Work required:
There is material below. Print exactly the lines starting at the line with "#28=CARTESIAN_POINT('',(-34.5,4.,-25.9019237886467));" and ending at the line with "#80=EDGE_CURVE('E206',#77,#79,#75,.T.);", ends included, and no others.

Data extracts:
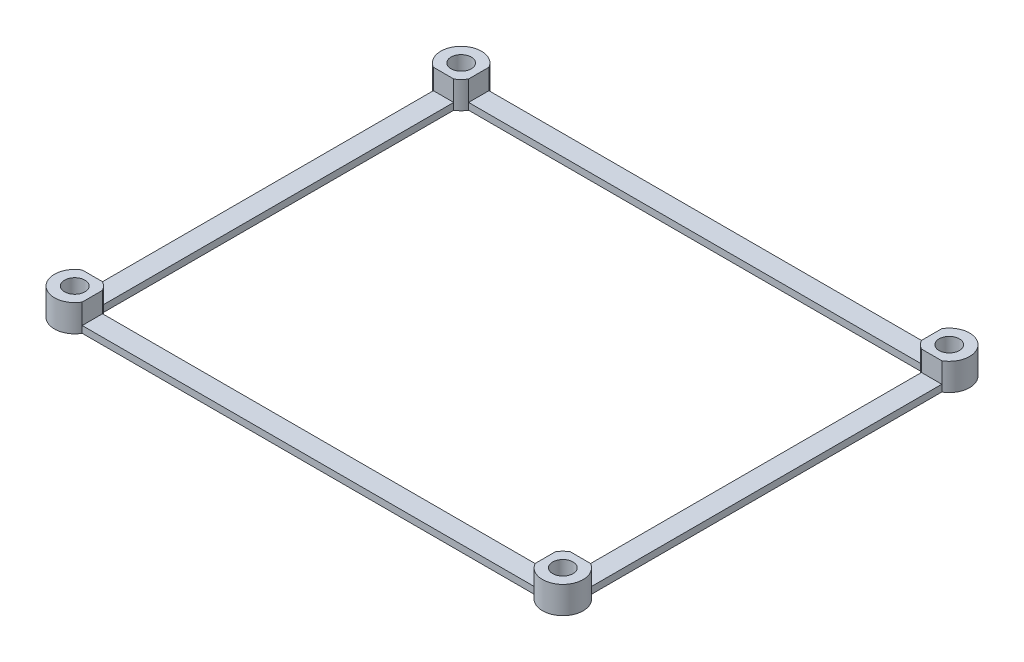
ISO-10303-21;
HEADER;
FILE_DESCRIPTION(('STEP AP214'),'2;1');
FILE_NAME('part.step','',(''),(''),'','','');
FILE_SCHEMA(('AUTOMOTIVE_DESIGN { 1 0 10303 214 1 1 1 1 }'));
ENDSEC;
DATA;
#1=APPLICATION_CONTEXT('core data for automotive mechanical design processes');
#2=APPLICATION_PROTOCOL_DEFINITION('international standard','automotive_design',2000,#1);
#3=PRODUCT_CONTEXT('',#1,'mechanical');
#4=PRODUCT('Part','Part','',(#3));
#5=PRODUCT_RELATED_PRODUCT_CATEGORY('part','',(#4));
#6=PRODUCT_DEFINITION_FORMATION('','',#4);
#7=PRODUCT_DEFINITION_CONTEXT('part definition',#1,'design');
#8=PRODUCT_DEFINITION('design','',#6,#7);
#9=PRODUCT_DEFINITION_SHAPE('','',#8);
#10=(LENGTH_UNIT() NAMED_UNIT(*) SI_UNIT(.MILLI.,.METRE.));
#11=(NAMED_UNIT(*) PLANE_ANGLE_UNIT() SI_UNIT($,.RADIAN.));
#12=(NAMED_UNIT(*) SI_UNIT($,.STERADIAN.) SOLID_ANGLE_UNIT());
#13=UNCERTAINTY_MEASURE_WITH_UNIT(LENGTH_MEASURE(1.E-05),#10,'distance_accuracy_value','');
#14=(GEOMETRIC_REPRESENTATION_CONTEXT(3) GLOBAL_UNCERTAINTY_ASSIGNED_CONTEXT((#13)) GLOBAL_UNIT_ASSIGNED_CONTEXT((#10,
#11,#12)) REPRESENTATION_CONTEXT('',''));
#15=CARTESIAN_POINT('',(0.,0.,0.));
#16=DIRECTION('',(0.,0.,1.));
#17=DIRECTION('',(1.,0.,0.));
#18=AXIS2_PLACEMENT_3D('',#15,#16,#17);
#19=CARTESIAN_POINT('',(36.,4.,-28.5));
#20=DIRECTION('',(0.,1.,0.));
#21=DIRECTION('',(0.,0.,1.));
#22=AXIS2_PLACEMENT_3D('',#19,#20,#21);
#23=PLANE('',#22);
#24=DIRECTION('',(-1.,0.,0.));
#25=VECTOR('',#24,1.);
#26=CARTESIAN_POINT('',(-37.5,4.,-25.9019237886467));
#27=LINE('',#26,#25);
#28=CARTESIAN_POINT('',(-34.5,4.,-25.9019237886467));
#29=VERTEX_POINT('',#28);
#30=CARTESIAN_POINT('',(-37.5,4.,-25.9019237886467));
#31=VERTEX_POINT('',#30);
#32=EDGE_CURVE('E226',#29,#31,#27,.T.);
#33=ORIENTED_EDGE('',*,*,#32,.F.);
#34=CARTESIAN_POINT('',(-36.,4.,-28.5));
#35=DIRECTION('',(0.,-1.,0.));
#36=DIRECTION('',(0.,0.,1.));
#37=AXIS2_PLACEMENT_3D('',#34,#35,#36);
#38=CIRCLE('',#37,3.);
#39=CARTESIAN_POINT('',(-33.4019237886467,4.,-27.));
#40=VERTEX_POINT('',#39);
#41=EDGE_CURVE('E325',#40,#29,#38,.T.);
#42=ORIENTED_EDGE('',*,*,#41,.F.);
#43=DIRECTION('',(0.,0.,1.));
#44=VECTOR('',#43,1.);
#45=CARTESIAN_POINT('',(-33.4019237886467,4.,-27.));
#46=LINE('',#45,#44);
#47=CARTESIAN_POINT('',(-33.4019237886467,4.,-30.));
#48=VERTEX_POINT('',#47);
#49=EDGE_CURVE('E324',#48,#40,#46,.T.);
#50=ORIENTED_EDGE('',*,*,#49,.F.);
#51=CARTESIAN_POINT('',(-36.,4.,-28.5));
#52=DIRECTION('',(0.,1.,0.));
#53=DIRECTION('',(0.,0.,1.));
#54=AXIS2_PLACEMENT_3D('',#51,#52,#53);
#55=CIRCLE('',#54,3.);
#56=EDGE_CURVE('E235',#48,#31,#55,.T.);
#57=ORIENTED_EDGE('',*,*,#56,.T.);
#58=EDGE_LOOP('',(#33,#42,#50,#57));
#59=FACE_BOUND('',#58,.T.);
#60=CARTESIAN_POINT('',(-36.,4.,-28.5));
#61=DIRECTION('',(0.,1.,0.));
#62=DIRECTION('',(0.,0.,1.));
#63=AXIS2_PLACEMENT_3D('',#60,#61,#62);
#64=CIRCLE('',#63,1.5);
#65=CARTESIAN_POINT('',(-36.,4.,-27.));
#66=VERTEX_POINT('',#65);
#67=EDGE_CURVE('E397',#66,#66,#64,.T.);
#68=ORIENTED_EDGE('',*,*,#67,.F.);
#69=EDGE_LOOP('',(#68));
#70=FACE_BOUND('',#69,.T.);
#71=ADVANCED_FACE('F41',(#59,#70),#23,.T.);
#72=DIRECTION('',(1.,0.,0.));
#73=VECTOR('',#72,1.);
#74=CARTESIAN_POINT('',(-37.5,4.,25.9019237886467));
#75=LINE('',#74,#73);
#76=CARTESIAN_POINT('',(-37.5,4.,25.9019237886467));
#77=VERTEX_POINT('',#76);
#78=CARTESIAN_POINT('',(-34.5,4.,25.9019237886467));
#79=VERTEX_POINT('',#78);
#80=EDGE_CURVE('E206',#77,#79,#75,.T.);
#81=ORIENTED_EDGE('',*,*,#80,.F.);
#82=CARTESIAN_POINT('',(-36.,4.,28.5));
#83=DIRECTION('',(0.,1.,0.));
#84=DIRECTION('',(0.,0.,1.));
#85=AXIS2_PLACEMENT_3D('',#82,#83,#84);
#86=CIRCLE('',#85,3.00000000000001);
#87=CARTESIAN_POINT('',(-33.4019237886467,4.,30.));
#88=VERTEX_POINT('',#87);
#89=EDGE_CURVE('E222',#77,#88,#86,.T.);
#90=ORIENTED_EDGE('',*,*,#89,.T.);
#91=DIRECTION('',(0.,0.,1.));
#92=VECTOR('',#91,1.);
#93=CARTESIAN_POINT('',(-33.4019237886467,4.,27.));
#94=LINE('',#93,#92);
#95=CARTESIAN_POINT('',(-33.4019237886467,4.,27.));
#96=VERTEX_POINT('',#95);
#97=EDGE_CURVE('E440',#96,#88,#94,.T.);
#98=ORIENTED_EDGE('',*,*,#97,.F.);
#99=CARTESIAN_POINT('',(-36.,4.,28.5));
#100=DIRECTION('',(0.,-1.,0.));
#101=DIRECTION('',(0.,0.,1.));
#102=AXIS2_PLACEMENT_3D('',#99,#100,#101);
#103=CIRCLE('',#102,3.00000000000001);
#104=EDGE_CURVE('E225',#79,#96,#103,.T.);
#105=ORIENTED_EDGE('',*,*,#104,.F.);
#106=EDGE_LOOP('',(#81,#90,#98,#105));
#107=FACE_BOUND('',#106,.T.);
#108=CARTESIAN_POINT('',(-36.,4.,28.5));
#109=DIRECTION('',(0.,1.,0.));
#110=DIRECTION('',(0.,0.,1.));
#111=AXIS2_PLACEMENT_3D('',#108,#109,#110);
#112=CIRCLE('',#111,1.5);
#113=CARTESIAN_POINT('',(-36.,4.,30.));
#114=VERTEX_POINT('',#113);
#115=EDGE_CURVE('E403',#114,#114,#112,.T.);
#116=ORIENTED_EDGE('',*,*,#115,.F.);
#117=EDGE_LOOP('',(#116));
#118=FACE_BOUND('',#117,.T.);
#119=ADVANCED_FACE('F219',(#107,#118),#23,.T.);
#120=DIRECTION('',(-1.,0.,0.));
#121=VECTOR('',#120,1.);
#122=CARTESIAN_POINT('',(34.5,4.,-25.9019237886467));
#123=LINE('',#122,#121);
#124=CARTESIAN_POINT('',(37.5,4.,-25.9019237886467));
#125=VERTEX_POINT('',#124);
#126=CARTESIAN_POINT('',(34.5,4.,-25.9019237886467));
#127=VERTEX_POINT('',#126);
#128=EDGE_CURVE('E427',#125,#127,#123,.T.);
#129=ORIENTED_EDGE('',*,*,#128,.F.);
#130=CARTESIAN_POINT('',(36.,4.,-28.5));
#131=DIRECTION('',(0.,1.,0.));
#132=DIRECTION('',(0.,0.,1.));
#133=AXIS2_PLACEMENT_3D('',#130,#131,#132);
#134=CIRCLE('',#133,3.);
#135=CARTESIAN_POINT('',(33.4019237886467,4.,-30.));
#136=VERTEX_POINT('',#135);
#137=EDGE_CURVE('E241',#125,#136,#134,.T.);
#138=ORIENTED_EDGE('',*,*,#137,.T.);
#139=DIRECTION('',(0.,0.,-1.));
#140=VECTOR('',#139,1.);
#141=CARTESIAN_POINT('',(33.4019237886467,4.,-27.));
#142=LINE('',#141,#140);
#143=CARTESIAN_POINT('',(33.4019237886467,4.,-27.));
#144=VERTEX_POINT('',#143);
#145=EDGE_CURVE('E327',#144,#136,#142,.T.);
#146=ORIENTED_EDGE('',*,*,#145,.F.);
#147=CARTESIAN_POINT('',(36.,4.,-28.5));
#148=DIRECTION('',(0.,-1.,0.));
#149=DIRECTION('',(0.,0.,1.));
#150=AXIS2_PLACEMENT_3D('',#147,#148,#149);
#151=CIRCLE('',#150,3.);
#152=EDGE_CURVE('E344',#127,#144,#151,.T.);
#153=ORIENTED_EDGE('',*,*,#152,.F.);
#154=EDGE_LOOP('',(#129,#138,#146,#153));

Response area:
#28=CARTESIAN_POINT('',(-34.5,4.,-25.9019237886467));
#29=VERTEX_POINT('',#28);
#30=CARTESIAN_POINT('',(-37.5,4.,-25.9019237886467));
#31=VERTEX_POINT('',#30);
#32=EDGE_CURVE('E226',#29,#31,#27,.T.);
#33=ORIENTED_EDGE('',*,*,#32,.F.);
#34=CARTESIAN_POINT('',(-36.,4.,-28.5));
#35=DIRECTION('',(0.,-1.,0.));
#36=DIRECTION('',(0.,0.,1.));
#37=AXIS2_PLACEMENT_3D('',#34,#35,#36);
#38=CIRCLE('',#37,3.);
#39=CARTESIAN_POINT('',(-33.4019237886467,4.,-27.));
#40=VERTEX_POINT('',#39);
#41=EDGE_CURVE('E325',#40,#29,#38,.T.);
#42=ORIENTED_EDGE('',*,*,#41,.F.);
#43=DIRECTION('',(0.,0.,1.));
#44=VECTOR('',#43,1.);
#45=CARTESIAN_POINT('',(-33.4019237886467,4.,-27.));
#46=LINE('',#45,#44);
#47=CARTESIAN_POINT('',(-33.4019237886467,4.,-30.));
#48=VERTEX_POINT('',#47);
#49=EDGE_CURVE('E324',#48,#40,#46,.T.);
#50=ORIENTED_EDGE('',*,*,#49,.F.);
#51=CARTESIAN_POINT('',(-36.,4.,-28.5));
#52=DIRECTION('',(0.,1.,0.));
#53=DIRECTION('',(0.,0.,1.));
#54=AXIS2_PLACEMENT_3D('',#51,#52,#53);
#55=CIRCLE('',#54,3.);
#56=EDGE_CURVE('E235',#48,#31,#55,.T.);
#57=ORIENTED_EDGE('',*,*,#56,.T.);
#58=EDGE_LOOP('',(#33,#42,#50,#57));
#59=FACE_BOUND('',#58,.T.);
#60=CARTESIAN_POINT('',(-36.,4.,-28.5));
#61=DIRECTION('',(0.,1.,0.));
#62=DIRECTION('',(0.,0.,1.));
#63=AXIS2_PLACEMENT_3D('',#60,#61,#62);
#64=CIRCLE('',#63,1.5);
#65=CARTESIAN_POINT('',(-36.,4.,-27.));
#66=VERTEX_POINT('',#65);
#67=EDGE_CURVE('E397',#66,#66,#64,.T.);
#68=ORIENTED_EDGE('',*,*,#67,.F.);
#69=EDGE_LOOP('',(#68));
#70=FACE_BOUND('',#69,.T.);
#71=ADVANCED_FACE('F41',(#59,#70),#23,.T.);
#72=DIRECTION('',(1.,0.,0.));
#73=VECTOR('',#72,1.);
#74=CARTESIAN_POINT('',(-37.5,4.,25.9019237886467));
#75=LINE('',#74,#73);
#76=CARTESIAN_POINT('',(-37.5,4.,25.9019237886467));
#77=VERTEX_POINT('',#76);
#78=CARTESIAN_POINT('',(-34.5,4.,25.9019237886467));
#79=VERTEX_POINT('',#78);
#80=EDGE_CURVE('E206',#77,#79,#75,.T.);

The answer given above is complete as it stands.